Помнил старый князь о коварстве монголов, не хотел верить их сладким обещаниям. Но у осадников подходили к концу запасы воды и хлеба, ещё два дня они с грехом пополам продержатся, а там, ослабев телом, не устоят. Да и Плоскиня божился, трижды крест клал на себя, уверяя, что сдержит дикий ворог своё слово. Куда деваться, невелика надежда, но и за ту схватишься.

Поверили монголам. Собрали все деньги, какие были, отдали степнякам, сложили оружие и стали спускаться с горы. Едва последний ратник миновал ограждение из кольев, как цепные псы Темучина набросились на безоружных и всех саблями покромсали. А на израненных князей да воевод положили доски и начали пировать. Сидели, пили крепкий мёд да притопывали, а слыша предсмертные стоны героев, взрывались ликованием. Не один час шло застолье, как вдруг снизу послышался голос киевского князя, затянул он старую подорожную песню, какую пели всей дружиною, отправляясь в поход. И на его хриплый, басовитый голос отозвались ещё несколько ратников, в ком жизнь не угасла. Да столь мощно зазвучал этот гимн, что кочевники оцепенели. А опомнившись, бросились было добивать несчастных, но Субэдей остановил воинов. С мрачным лицом дослушал песнь до конца. И больше ни звука не донеслось снизу. Не испытывал радости цепной пёс Чингисхана, оставив на Калке больше трети своих воинов. Знал: Темучин расстроится. За весь азиатский поход они потеряли в четыре раза меньше.

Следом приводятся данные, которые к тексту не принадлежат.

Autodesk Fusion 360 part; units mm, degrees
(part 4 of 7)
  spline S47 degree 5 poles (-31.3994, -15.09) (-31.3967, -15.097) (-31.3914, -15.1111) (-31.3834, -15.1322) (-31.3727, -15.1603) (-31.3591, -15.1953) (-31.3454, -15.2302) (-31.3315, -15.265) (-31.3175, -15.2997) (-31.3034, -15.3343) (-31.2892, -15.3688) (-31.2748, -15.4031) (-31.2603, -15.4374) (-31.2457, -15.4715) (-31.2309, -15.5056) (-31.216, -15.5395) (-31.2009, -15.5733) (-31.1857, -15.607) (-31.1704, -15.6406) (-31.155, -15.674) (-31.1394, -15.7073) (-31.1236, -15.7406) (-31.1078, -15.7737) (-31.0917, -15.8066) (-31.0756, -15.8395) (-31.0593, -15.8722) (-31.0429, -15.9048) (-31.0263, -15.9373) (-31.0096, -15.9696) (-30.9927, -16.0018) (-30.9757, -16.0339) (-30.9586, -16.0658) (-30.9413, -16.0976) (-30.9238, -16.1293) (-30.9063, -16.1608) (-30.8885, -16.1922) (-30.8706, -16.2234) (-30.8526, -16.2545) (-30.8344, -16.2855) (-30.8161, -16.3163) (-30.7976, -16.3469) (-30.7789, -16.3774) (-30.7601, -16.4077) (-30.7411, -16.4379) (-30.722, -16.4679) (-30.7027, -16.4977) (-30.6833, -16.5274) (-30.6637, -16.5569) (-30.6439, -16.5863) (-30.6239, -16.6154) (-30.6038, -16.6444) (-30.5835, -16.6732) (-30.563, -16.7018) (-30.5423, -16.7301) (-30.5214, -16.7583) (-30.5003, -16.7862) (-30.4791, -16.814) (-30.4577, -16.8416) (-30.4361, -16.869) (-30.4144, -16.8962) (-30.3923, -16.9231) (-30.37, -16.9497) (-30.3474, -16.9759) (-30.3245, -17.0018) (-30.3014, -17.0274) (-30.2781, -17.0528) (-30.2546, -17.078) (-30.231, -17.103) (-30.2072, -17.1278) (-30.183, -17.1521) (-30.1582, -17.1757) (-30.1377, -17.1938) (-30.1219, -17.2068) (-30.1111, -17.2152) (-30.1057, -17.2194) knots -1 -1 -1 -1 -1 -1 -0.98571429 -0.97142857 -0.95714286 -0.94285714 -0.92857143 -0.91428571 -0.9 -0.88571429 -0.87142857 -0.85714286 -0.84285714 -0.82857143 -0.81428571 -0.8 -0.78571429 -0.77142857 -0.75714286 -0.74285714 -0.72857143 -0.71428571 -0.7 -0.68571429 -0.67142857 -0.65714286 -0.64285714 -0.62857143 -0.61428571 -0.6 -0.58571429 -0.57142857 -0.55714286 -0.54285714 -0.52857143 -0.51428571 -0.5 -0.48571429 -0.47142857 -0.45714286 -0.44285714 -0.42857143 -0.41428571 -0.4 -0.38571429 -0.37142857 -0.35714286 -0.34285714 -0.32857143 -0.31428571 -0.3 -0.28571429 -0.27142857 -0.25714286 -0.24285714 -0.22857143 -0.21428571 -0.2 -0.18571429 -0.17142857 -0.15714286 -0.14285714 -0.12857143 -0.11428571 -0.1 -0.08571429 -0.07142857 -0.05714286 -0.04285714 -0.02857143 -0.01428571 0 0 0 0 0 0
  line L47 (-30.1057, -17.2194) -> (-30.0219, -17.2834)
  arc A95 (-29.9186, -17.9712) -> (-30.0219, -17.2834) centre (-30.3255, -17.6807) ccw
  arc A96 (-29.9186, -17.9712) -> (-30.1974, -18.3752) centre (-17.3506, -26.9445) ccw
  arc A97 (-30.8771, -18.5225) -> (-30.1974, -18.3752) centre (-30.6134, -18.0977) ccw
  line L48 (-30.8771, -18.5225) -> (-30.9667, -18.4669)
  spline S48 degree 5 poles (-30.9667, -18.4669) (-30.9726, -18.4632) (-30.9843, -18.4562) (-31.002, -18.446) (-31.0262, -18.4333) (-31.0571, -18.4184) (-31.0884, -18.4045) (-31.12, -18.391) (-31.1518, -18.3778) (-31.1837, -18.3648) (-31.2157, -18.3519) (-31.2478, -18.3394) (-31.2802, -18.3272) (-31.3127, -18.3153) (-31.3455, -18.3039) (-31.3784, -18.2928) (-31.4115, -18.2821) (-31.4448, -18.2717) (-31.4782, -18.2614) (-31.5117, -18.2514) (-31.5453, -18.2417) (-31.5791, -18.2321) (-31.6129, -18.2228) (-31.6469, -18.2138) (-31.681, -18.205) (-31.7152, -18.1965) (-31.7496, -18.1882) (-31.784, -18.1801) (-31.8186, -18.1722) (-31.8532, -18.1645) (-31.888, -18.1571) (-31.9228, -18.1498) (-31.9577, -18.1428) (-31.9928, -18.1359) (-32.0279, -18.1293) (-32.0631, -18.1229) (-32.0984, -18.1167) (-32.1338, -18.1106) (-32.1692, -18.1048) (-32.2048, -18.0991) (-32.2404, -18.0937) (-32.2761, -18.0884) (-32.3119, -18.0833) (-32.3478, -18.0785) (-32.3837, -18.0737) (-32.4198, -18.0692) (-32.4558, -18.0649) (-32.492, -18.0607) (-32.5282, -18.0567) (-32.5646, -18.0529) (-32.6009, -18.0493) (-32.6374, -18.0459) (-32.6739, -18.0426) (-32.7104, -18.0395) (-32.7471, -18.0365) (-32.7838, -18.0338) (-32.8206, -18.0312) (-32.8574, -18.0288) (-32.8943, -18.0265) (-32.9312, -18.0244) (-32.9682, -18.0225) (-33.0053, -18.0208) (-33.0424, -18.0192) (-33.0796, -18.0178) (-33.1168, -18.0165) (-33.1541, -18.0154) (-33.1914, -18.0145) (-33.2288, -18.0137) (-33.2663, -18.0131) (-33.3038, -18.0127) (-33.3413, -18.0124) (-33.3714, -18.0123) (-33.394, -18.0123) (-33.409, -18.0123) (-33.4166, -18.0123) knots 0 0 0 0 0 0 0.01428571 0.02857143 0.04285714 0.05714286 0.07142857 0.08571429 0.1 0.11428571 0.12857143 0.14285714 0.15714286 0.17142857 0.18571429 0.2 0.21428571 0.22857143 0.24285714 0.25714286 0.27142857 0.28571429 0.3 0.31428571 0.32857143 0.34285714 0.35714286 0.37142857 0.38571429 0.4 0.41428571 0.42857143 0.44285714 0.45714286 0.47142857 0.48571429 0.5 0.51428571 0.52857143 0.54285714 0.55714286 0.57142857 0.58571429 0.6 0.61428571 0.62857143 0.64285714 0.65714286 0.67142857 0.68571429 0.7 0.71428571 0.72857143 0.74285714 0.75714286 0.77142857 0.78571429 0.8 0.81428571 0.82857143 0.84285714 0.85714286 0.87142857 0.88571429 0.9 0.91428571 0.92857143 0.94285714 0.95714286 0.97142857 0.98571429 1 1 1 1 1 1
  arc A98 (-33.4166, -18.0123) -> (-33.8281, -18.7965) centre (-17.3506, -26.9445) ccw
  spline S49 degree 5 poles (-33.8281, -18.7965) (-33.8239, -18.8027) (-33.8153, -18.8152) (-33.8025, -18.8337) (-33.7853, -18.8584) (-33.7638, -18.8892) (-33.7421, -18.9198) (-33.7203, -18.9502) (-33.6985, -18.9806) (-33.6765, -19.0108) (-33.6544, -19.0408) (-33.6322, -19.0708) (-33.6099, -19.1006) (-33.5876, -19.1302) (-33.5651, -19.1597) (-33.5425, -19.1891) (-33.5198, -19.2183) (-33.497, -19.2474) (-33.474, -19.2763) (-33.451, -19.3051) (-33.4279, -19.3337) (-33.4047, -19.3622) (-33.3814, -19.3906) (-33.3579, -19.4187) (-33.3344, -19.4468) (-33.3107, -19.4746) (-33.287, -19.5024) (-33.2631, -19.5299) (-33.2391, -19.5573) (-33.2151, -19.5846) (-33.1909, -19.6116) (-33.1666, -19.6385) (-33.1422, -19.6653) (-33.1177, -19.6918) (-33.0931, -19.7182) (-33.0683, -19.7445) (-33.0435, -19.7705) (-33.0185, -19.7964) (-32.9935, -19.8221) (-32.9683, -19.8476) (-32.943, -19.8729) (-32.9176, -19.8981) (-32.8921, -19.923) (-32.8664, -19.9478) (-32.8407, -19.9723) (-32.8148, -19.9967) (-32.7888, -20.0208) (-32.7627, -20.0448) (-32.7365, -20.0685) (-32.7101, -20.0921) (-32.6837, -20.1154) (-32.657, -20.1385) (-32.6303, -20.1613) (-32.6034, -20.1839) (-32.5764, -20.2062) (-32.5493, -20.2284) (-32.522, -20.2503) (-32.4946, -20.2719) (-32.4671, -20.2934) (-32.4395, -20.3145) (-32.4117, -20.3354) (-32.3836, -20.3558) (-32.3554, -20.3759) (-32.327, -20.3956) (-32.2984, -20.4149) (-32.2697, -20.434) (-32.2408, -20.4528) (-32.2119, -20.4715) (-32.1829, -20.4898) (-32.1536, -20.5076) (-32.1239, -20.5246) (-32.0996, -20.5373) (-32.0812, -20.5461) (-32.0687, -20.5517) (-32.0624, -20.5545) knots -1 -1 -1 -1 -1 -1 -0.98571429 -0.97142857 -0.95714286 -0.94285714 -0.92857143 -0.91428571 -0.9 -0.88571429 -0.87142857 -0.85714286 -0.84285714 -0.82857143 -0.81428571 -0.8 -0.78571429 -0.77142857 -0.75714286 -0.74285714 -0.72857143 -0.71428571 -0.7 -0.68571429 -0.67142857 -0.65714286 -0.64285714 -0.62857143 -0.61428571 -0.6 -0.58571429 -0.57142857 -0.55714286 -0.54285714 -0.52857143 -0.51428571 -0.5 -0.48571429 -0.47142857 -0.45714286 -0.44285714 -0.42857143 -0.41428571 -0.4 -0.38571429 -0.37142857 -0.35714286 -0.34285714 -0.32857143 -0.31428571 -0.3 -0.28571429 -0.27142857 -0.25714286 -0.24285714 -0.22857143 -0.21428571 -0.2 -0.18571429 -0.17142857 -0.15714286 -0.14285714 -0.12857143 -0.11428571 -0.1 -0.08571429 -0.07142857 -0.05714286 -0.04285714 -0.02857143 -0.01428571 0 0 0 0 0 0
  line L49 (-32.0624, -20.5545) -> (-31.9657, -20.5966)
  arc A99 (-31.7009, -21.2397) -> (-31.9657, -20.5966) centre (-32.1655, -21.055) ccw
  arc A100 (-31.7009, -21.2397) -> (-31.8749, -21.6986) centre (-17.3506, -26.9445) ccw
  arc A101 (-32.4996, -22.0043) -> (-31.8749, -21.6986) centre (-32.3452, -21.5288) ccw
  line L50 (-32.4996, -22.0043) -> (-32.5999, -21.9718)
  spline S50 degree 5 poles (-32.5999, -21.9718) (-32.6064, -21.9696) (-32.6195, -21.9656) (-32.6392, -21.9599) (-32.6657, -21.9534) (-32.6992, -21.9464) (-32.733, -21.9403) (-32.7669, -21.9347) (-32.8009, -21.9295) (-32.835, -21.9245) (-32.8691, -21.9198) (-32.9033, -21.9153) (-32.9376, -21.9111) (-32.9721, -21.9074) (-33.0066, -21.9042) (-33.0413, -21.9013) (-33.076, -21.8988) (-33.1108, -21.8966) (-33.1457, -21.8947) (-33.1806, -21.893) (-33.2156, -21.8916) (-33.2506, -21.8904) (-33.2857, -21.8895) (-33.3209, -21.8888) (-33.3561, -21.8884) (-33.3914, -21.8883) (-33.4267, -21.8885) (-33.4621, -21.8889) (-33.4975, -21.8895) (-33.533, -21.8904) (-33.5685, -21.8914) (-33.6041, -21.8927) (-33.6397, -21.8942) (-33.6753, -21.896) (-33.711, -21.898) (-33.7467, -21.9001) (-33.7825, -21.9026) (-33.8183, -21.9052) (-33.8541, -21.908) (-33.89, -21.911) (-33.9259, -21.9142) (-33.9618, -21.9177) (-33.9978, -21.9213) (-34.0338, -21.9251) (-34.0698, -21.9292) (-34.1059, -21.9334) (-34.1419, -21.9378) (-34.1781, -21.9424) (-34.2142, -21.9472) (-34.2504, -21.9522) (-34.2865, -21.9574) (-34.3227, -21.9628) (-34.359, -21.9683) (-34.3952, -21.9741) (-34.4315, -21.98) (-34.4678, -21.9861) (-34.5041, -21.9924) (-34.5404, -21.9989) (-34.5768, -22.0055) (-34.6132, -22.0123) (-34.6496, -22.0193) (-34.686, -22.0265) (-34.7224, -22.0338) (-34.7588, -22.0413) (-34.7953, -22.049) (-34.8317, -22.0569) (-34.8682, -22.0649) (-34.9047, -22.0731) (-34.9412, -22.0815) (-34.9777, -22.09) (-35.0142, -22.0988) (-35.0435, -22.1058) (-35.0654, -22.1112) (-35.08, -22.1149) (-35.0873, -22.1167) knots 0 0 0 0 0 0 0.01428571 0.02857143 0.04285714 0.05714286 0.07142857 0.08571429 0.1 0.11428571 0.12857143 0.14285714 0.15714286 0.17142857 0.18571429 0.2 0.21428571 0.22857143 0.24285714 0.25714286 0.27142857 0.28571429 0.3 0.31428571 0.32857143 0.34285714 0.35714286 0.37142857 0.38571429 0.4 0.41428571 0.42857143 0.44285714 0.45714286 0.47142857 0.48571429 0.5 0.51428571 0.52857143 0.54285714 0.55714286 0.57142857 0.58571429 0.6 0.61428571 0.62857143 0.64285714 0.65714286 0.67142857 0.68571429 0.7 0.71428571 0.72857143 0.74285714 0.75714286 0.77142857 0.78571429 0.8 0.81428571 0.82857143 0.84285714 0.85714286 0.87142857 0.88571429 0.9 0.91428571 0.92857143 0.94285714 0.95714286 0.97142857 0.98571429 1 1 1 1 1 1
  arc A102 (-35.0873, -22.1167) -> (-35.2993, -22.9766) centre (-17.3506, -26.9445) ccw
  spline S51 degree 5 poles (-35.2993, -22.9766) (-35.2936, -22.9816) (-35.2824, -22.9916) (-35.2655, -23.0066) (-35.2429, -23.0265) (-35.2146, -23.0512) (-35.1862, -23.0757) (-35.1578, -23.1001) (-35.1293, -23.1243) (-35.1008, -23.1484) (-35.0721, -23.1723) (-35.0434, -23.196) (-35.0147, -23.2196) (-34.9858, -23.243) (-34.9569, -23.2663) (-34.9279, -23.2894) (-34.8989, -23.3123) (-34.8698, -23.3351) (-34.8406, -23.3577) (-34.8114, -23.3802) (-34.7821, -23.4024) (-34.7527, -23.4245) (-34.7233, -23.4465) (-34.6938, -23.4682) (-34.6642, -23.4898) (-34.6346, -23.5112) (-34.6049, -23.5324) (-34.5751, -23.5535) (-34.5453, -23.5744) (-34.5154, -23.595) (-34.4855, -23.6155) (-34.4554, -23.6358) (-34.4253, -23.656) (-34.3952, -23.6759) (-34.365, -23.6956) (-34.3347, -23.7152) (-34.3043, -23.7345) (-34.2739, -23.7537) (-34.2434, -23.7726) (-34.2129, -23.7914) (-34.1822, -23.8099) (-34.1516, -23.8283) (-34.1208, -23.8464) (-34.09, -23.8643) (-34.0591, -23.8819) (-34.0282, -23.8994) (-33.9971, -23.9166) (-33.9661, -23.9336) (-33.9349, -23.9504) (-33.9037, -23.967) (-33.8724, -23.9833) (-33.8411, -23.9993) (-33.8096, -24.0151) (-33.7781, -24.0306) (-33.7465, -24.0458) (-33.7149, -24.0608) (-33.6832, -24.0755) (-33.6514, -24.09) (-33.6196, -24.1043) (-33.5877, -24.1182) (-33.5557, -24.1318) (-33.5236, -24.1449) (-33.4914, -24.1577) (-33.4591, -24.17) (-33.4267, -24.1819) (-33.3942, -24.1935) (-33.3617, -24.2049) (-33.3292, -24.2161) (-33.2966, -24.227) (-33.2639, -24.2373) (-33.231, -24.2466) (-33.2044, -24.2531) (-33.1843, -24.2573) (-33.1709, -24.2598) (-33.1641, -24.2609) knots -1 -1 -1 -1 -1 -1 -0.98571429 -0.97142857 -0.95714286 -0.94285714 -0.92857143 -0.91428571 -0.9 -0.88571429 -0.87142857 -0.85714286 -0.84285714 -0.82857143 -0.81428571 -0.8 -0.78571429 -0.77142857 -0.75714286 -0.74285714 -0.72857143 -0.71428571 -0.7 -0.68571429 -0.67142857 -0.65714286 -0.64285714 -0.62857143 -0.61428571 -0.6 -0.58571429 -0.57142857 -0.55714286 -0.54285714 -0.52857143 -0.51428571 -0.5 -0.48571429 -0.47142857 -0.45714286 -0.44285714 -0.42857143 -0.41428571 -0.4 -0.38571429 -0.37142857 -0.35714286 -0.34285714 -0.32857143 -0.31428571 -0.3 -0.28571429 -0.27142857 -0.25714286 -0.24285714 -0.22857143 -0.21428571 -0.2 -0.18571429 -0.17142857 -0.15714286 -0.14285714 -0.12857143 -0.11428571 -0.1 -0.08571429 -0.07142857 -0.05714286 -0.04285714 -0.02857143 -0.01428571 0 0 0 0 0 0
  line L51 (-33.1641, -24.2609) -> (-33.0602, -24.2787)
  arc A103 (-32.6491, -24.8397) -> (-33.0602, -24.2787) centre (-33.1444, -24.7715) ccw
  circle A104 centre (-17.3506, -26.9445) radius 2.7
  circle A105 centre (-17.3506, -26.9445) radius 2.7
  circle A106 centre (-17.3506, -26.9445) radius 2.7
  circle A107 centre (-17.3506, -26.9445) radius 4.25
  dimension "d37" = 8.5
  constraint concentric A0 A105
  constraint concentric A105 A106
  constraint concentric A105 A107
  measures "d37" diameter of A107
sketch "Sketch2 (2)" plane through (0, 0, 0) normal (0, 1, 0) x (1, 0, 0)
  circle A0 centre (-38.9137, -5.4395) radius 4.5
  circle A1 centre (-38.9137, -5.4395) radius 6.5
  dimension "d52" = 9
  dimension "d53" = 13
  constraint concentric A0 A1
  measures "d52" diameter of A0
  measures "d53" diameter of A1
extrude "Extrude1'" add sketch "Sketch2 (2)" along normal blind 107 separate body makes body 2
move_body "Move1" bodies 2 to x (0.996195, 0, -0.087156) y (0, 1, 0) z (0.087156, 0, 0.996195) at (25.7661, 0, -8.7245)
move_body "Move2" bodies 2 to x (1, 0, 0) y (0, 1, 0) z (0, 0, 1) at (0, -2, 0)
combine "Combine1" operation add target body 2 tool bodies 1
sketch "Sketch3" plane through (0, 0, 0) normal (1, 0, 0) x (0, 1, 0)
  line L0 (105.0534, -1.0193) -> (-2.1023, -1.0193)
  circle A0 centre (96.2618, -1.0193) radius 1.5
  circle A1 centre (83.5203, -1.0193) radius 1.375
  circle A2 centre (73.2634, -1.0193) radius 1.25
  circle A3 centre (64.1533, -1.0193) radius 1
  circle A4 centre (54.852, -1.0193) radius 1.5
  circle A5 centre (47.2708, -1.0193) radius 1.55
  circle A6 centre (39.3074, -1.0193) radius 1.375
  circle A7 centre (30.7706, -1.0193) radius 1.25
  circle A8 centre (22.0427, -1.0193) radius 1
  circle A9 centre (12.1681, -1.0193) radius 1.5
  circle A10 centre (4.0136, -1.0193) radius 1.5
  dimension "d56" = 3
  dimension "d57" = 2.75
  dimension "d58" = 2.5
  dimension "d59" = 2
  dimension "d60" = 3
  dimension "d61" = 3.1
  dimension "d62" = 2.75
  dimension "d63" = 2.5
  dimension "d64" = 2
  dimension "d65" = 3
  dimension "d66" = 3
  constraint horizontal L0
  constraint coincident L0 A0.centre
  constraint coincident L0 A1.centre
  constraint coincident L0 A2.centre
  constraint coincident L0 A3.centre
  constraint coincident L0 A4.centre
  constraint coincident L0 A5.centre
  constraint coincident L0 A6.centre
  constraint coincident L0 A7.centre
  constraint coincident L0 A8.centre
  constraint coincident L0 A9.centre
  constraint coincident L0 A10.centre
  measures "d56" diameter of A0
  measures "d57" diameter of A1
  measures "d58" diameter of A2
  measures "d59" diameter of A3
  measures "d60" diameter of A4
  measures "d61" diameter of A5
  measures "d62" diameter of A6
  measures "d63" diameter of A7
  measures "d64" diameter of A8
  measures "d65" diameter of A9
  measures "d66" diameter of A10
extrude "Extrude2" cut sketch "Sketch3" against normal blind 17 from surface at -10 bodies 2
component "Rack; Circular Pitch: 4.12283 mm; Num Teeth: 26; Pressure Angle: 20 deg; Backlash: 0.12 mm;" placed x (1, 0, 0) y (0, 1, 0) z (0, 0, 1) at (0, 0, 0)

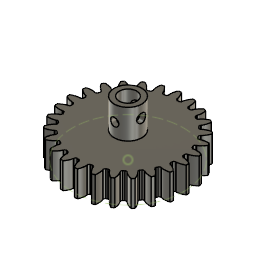
design "Pinion Gear (26t)"
description: Spur Gear; Module: 1.313; Num Teeth: 26; Pressure Angle: 20.0; Backlash: 0.12 mm
Autodesk Fusion 360 part; units mm, degrees
sketch "Sketch1" plane through (0, 0, 0) normal (0, 0, 1) x (1, 0, 0) in component "Spur Gear (26 teeth)"
  circle A0 centre (0, 0) radius 15.4426
  circle A1 centre (0, 0) radius 2.7
extrude "Extrude1" add sketch "Sketch1" along normal blind 8 in component "Spur Gear (26 teeth)"
sketch "Sketch2" plane through (0, 0, 0) normal (0, 0, 1) x (1, 0, 0) in component "Spur Gear (26 teeth)"
  spline S0 degree 5 poles (15.9962, -1.1788) (16.0031, -1.1793) (16.0167, -1.1802) (16.0372, -1.1809) (16.0645, -1.181) (16.0987, -1.1797) (16.1329, -1.1776) (16.1672, -1.1748) (16.2015, -1.1717) (16.2358, -1.1684) (16.27, -1.1649) (16.3044, -1.1611) (16.3387, -1.1569) (16.373, -1.1522) (16.4073, -1.1471) (16.4416, -1.1416) (16.4759, -1.1357) (16.5102, -1.1295) (16.5446, -1.123) (16.5789, -1.1163) (16.6132, -1.1094) (16.6475, -1.1021) (16.6818, -1.0946) (16.7161, -1.0868) (16.7504, -1.0788) (16.7846, -1.0704) (16.8189, -1.0618) (16.8532, -1.053) (16.8874, -1.0439) (16.9217, -1.0346) (16.9559, -1.025) (16.9901, -1.0153) (17.0243, -1.0053) (17.0585, -0.995) (17.0927, -0.9846) (17.1268, -0.9739) (17.161, -0.963) (17.1951, -0.9519) (17.2292, -0.9406) (17.2633, -0.9291) (17.2974, -0.9174) (17.3315, -0.9054) (17.3656, -0.8933) (17.3996, -0.8809) (17.4336, -0.8684) (17.4676, -0.8557) (17.5016, -0.8428) (17.5355, -0.8296) (17.5695, -0.8163) (17.6034, -0.8028) (17.6373, -0.7891) (17.6711, -0.7752) (17.705, -0.7612) (17.7388, -0.7469) (17.7726, -0.7325) (17.8064, -0.7179) (17.8402, -0.7031) (17.8739, -0.6881) (17.9076, -0.673) (17.9413, -0.6577) (17.9749, -0.6422) (18.0086, -0.6265) (18.0422, -0.6106) (18.0758, -0.5946) (18.1093, -0.5784) (18.1428, -0.5621) (18.1763, -0.5455) (18.2098, -0.5288) (18.2432, -0.512) (18.2766, -0.4949) (18.31, -0.4778) (18.3367, -0.4639) (18.3567, -0.4534) (18.37, -0.4463) (18.3767, -0.4428) knots 0 0 0 0 0 0 0.01428571 0.02857143 0.04285714 0.05714286 0.07142857 0.08571429 0.1 0.11428571 0.12857143 0.14285714 0.15714286 0.17142857 0.18571429 0.2 0.21428571 0.22857143 0.24285714 0.25714286 0.27142857 0.28571429 0.3 0.31428571 0.32857143 0.34285714 0.35714286 0.37142857 0.38571429 0.4 0.41428571 0.42857143 0.44285714 0.45714286 0.47142857 0.48571429 0.5 0.51428571 0.52857143 0.54285714 0.55714286 0.57142857 0.58571429 0.6 0.61428571 0.62857143 0.64285714 0.65714286 0.67142857 0.68571429 0.7 0.71428571 0.72857143 0.74285714 0.75714286 0.77142857 0.78571429 0.8 0.81428571 0.82857143 0.84285714 0.85714286 0.87142857 0.88571429 0.9 0.91428571 0.92857143 0.94285714 0.95714286 0.97142857 0.98571429 1 1 1 1 1 1
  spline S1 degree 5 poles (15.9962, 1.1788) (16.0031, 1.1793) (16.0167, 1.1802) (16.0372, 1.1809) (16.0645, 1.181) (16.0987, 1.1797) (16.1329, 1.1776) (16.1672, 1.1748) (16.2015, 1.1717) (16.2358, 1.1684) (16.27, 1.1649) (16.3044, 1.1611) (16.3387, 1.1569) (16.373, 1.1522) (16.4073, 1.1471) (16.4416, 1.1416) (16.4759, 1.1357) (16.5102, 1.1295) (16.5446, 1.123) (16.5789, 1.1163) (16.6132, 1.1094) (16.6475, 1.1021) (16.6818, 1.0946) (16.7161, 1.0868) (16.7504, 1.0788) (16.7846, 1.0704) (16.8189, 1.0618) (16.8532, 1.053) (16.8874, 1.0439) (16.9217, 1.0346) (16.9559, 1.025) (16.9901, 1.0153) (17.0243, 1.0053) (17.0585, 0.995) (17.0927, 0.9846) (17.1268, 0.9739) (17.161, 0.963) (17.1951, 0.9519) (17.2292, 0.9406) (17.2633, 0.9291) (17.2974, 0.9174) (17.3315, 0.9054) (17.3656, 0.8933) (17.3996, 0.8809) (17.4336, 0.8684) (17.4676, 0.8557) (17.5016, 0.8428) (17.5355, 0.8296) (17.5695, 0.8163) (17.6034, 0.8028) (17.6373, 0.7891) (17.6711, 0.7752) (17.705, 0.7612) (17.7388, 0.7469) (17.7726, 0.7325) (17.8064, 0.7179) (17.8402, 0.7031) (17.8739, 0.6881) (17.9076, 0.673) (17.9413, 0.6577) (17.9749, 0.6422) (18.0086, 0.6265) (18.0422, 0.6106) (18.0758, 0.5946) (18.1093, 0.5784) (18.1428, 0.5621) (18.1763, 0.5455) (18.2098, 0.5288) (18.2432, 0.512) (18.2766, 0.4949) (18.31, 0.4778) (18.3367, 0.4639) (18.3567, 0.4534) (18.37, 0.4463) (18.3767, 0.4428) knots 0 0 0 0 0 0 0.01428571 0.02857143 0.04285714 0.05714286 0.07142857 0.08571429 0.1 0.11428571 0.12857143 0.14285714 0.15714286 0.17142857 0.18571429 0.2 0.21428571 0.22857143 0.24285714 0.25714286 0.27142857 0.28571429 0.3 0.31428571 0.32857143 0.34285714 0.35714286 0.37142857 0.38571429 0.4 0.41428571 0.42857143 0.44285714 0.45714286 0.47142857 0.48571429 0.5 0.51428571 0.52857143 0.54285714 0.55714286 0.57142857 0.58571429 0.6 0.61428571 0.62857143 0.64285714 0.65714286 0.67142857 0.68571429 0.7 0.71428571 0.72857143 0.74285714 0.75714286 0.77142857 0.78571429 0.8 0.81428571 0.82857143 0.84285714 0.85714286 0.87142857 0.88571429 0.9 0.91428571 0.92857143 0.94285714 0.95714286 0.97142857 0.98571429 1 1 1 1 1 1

Отпраздновав победу, монголы двинулись на север, сжигая всё на своём пути и приводя в трепет жителей, ожидавших их прихода. Озлобленные потерями, они не щадили никого, убивая и тех, кто просил милости, встречал их по-старинному дружескому обычаю с хлебом-солью. Страх воцарился на приднепровских землях. Киев готовился к долгой и беспощадной осаде. Но так и не дойдя до южной столицы, Чжебе и Субэдей вдруг повернули назад, исчезнув столь же неожиданно, как и появились.

Глава седьмая

РОЖДЕНИЕ ПОЛКОВОДЦА

Великий магистр Ливонского ордена, епископ рижский Волквин сидел у жаркого камина, грея у огня тонкие пальцы. Чем старее он становился, тем острее ощущал любой холодок. Не только земной, но и тот, подземный, в ледяные объятия которого скоро попадёт и он. Пока лишь пламя костра да бокал старого виноградного вина помогали горячить кровь и забывать о старости.

До сей поры он не ведал поражений и в бабьих утехах. Рядовым членам Ордена под страхом смерти запрещались плотские услады, а вот великий магистр не мог отказать себе в этом удовольствии. Знал, сколь распутны папы и кардиналы в Риме, готовые продать Христа за одну ночь с блудницей, не ограничивал себя и он, понимая, что и для здоровья сие только на пользу. Бог же простит. Ради него они не ведают ни сна, ни отдыха, каждый день рискуя своей жизнью. А тут его крестоносцы, охотясь на лосей, заблудились да ненароком вышли на земли князя полоцкого, заглянув в село, где шла свадьба. Не хотели браниться, готовы были повернуть назад, но местная дружинная ватага спьяну набросилась на них и поделом в лоб получила. А порубав дружинников, божьи воины увели в полон восемнадцать молодых девок, всю свадьбу вместе с невестой. Тут уж злость взыграла.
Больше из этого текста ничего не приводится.